Weitere Schnecken kennenlernen
Wenn Du Dich vor dem Kauf genauer über einzelne Arten informieren möchtest, findest Du weitere Informationen in unserem Wirbellosen-Lexikon.
Fazit
Die richtige Schnecke hängt davon ab, welche Algen vorhanden sind und wo sie wachsen. Tectus fenestratus ist ein vielseitiger Weidegänger, Turbo bruneus und Turbo fluctuosus eignen sich für stärkeren Algenaufwuchs, Nerita bearbeitet feste Oberflächen und Cerithium sowie Conomurex ergänzen die Cleaning-Crew besonders in bodennahen Bereichen.
Nassarius ist dagegen kein klassischer Algenfresser, sondern ein wertvoller Resteverwerter im Bodengrund.

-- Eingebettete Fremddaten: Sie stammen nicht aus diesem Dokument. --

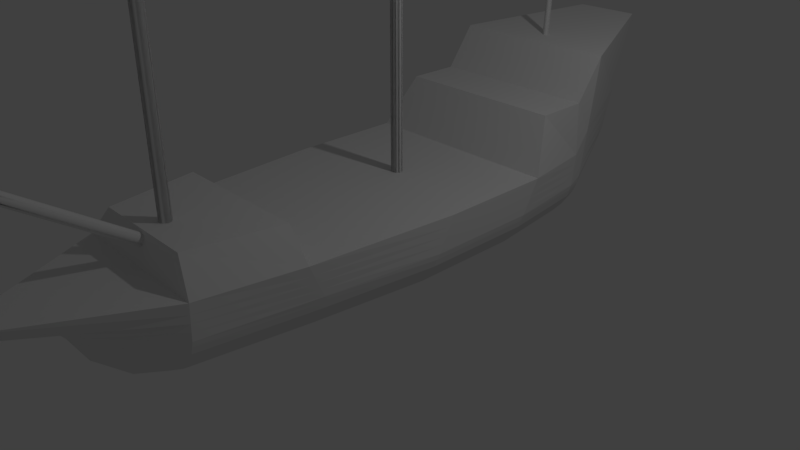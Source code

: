 # Source: ship.blend  (saved by Blender 2.78.0; exported with 4.5.12 LTS)
import bpy
from mathutils import Matrix  # noqa: F401  (used for matrix-valued properties, if any)

bpy.ops.wm.read_factory_settings(use_empty=True)
scene = bpy.context.scene
scene.name = 'Scene'

# ---- collections
col_collection_1 = bpy.data.collections.new('Collection 1'); scene.collection.children.link(col_collection_1)

# ---- world
world_world = bpy.data.worlds.new('World'); scene.world = world_world
world_world.color = (0.05088, 0.05088, 0.05088)
world_world.use_sun_shadow = False
world_world.sun_shadow_jitter_overblur = 0.0
world_world.cycles.sampling_method = 'MANUAL'

# ---- cameras
cam_camera = bpy.data.cameras.new('Camera')
cam_camera.clip_end = 100.0
cam_camera.lens = 35.0
cam_camera.sensor_width = 32.0
cam_camera.sensor_height = 18.0
cam_camera.ortho_scale = 7.314
cam_camera.dof.focus_distance = 0.0
cam_camera.dof.aperture_fstop = 128.0

# ---- lights
light_lamp = bpy.data.lights.new('Lamp', 'POINT')
light_lamp.transmission_factor = 0.0
light_lamp.cutoff_distance = 30.0
light_lamp.energy = 100.0
light_lamp.shadow_buffer_clip_start = 1.001
light_lamp.shadow_soft_size = 0.1
light_lamp.shadow_maximum_resolution = 0.006
light_lamp.use_absolute_resolution = True

# ---- meshes
me_cube_001 = bpy.data.meshes.new('Cube.001')
me_cube_001.from_pydata([(0.007804, 3.314, -0.27), (0.007804, 3.475, 2.761), (0.01531, 3.311, -0.2699), (0.01531, 3.473, 2.761), (0.02222, 3.308, -0.2697), (0.02222, 3.469, 2.761), (0.02828, 3.303, -0.2694), (0.02828, 3.464, 2.761), (0.03326, 3.297, -0.2691), (0.03326, 3.458, 2.762), (0.03696, 3.29, -0.2688), (0.03696, 3.452, 2.762), (0.03923, 3.283, -0.2684), (0.03923, 3.444, 2.762), (0.04, 3.275, -0.2679), (0.04, 3.437, 2.763), (0.03923, 3.267, -0.2675), (0.03923, 3.429, 2.763), (0.03696, 3.26, -0.2671), (0.03696, 3.422, 2.764), (0.03326, 3.253, -0.2668), (0.03326, 3.415, 2.764), (0.02828, 3.247, -0.2665), (0.02828, 3.409, 2.764), (0.02222, 3.243, -0.2662), (0.02222, 3.404, 2.764), (0.01531, 3.239, -0.266), (0.01531, 3.4, 2.765), (0.007804, 3.237, -0.2659), (0.007804, 3.398, 2.765), (-0.007804, 3.237, -0.2659), (-0.007804, 3.398, 2.765), (-0.01531, 3.239, -0.266), (-0.01531, 3.4, 2.765), (-0.02222, 3.243, -0.2662), (-0.02222, 3.404, 2.764), (-0.02828, 3.247, -0.2665), (-0.02828, 3.409, 2.764), (-0.03326, 3.253, -0.2668), (-0.03326, 3.415, 2.764), (-0.03696, 3.26, -0.2671), (-0.03696, 3.422, 2.764), (-0.03923, 3.267, -0.2675), (-0.03923, 3.429, 2.763), (-0.04, 3.275, -0.2679), (-0.04, 3.437, 2.763), (-0.03923, 3.283, -0.2684), (-0.03923, 3.444, 2.762), (-0.03696, 3.29, -0.2688), (-0.03696, 3.452, 2.762), (-0.03326, 3.297, -0.2691), (-0.03326, 3.458, 2.762), (-0.02828, 3.303, -0.2694), (-0.02828, 3.464, 2.761), (-0.02222, 3.308, -0.2697), (-0.02222, 3.469, 2.761), (-0.01531, 3.311, -0.2699), (-0.01531, 3.473, 2.761), (-0.007804, 3.314, -0.27), (-0.007804, 3.475, 2.761), (0.01463, 0.5607, -0.1099), (0.01463, 0.5577, 2.928), (0.0287, 0.5565, -0.1099), (0.0287, 0.5535, 2.928), (0.04167, 0.5497, -0.1099), (0.04167, 0.5467, 2.928), (0.05303, 0.5406, -0.1099), (0.05303, 0.5376, 2.928), (0.06236, 0.5295, -0.1099), (0.06236, 0.5264, 2.928), (0.06929, 0.5168, -0.1099), (0.06929, 0.5137, 2.928), (0.07356, 0.503, -0.1099), (0.07356, 0.4999, 2.928), (0.075, 0.4887, -0.1099), (0.075, 0.4856, 2.928), (0.07356, 0.4743, -0.1099), (0.07356, 0.4713, 2.928), (0.06929, 0.4605, -0.1099), (0.06929, 0.4575, 2.928), (0.06236, 0.4478, -0.1099), (0.06236, 0.4448, 2.928), (0.05303, 0.4367, -0.1099), (0.05303, 0.4336, 2.928), (0.04167, 0.4276, -0.1099), (0.04167, 0.4245, 2.928), (0.0287, 0.4208, -0.1099), (0.0287, 0.4177, 2.928), (0.01463, 0.4166, -0.1099), (0.01463, 0.4135, 2.928), (-0.01463, 0.4166, -0.1099), (-0.01463, 0.4135, 2.928), (-0.0287, 0.4208, -0.1099), (-0.0287, 0.4177, 2.928), (-0.04167, 0.4276, -0.1099), (-0.04167, 0.4245, 2.928), (-0.05303, 0.4367, -0.1099), (-0.05303, 0.4336, 2.928), (-0.06236, 0.4478, -0.1099), (-0.06236, 0.4448, 2.928), (-0.06929, 0.4605, -0.1099), (-0.06929, 0.4575, 2.928), (-0.07356, 0.4743, -0.1099), (-0.07356, 0.4713, 2.928), (-0.075, 0.4887, -0.1099), (-0.075, 0.4856, 2.928), (-0.07356, 0.503, -0.1099), (-0.07356, 0.4999, 2.928), (-0.06929, 0.5168, -0.1099), (-0.06929, 0.5137, 2.928), (-0.06236, 0.5295, -0.1099), (-0.06236, 0.5264, 2.928), (-0.05303, 0.5406, -0.1099), (-0.05303, 0.5376, 2.928), (-0.04167, 0.5497, -0.1099), (-0.04167, 0.5467, 2.928), (-0.0287, 0.5565, -0.1099), (-0.0287, 0.5535, 2.928), (-0.01463, 0.5607, -0.1099), (-0.01463, 0.5577, 2.928), (0.01463, -2.675, -0.3623), (0.01463, -2.679, 2.675), (0.0287, -2.68, -0.3623), (0.0287, -2.683, 2.675), (0.04167, -2.686, -0.3623), (0.04167, -2.689, 2.675), (0.05303, -2.696, -0.3623), (0.05303, -2.699, 2.675), (0.06236, -2.707, -0.3623), (0.06236, -2.71, 2.675), (0.06929, -2.719, -0.3623), (0.06929, -2.722, 2.675), (0.07356, -2.733, -0.3623), (0.07356, -2.736, 2.675), (0.075, -2.748, -0.3623), (0.075, -2.751, 2.675), (0.07356, -2.762, -0.3623), (0.07356, -2.765, 2.675), (0.06929, -2.776, -0.3623), (0.06929, -2.779, 2.675), (0.06236, -2.788, -0.3623), (0.06236, -2.791, 2.675), (0.05303, -2.799, -0.3623), (0.05303, -2.803, 2.675), (0.04167, -2.809, -0.3623), (0.04167, -2.812, 2.675), (0.0287, -2.815, -0.3623), (0.0287, -2.818, 2.675), (0.01463, -2.82, -0.3623), (0.01463, -2.823, 2.675), (-0.01463, -2.82, -0.3623), (-0.01463, -2.823, 2.675), (-0.0287, -2.815, -0.3623), (-0.0287, -2.818, 2.675), (-0.04167, -2.809, -0.3623), (-0.04167, -2.812, 2.675), (-0.05303, -2.799, -0.3623), (-0.05303, -2.803, 2.675), (-0.06236, -2.788, -0.3623), (-0.06236, -2.791, 2.675), (-0.06929, -2.776, -0.3623), (-0.06929, -2.779, 2.675), (-0.07356, -2.762, -0.3623), (-0.07356, -2.765, 2.675), (-0.075, -2.748, -0.3623), (-0.075, -2.751, 2.675), (-0.07356, -2.733, -0.3623), (-0.07356, -2.736, 2.675), (-0.06929, -2.719, -0.3623), (-0.06929, -2.722, 2.675), (-0.06236, -2.707, -0.3623), (-0.06236, -2.71, 2.675), (-0.05303, -2.696, -0.3623), (-0.05303, -2.699, 2.675), (-0.04167, -2.686, -0.3623), (-0.04167, -2.689, 2.675), (-0.0287, -2.68, -0.3623), (-0.0287, -2.683, 2.675), (-0.01463, -2.675, -0.3623), (-0.01463, -2.679, 2.675), (0.01366, -2.683, 0.1181), (0.01366, -4.311, 1.227), (0.02679, -2.686, 0.1148), (0.02679, -4.313, 1.224), (0.03889, -2.689, 0.1095), (0.03889, -4.317, 1.218), (0.0495, -2.694, 0.1023), (0.0495, -4.322, 1.211), (0.0582, -2.7, 0.09355), (0.0582, -4.328, 1.202), (0.06467, -2.707, 0.08356), (0.06467, -4.335, 1.192), (0.06865, -2.714, 0.07271), (0.06865, -4.342, 1.182), (0.07, -2.722, 0.06144), (0.07, -4.35, 1.17), (0.06865, -2.73, 0.05016), (0.06865, -4.358, 1.159), (0.06467, -2.737, 0.03932), (0.06467, -4.365, 1.148), (0.0582, -2.744, 0.02933), (0.0582, -4.372, 1.138), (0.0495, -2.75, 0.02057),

Kaufe deshalb nicht einfach möglichst viele Schnecken. Wähle unterschiedliche Arten passend zu den tatsächlichen Aufgaben und achte darauf, dass auch langfristig genügend Nahrung vorhanden bleibt. So entsteht eine Cleaning-Crew, die sinnvoll zu Deinem Meerwasseraquarium passt.
Haftungsausschluss
Die Inhalte dieser Kaufberatung wurden sorgfältig erstellt und dienen als Orientierung. Ernährungsweise, Verhalten und Eignung einzelner Schnecken können je nach Art, Tier und den individuellen Bedingungen in Deinem Aquarium abweichen.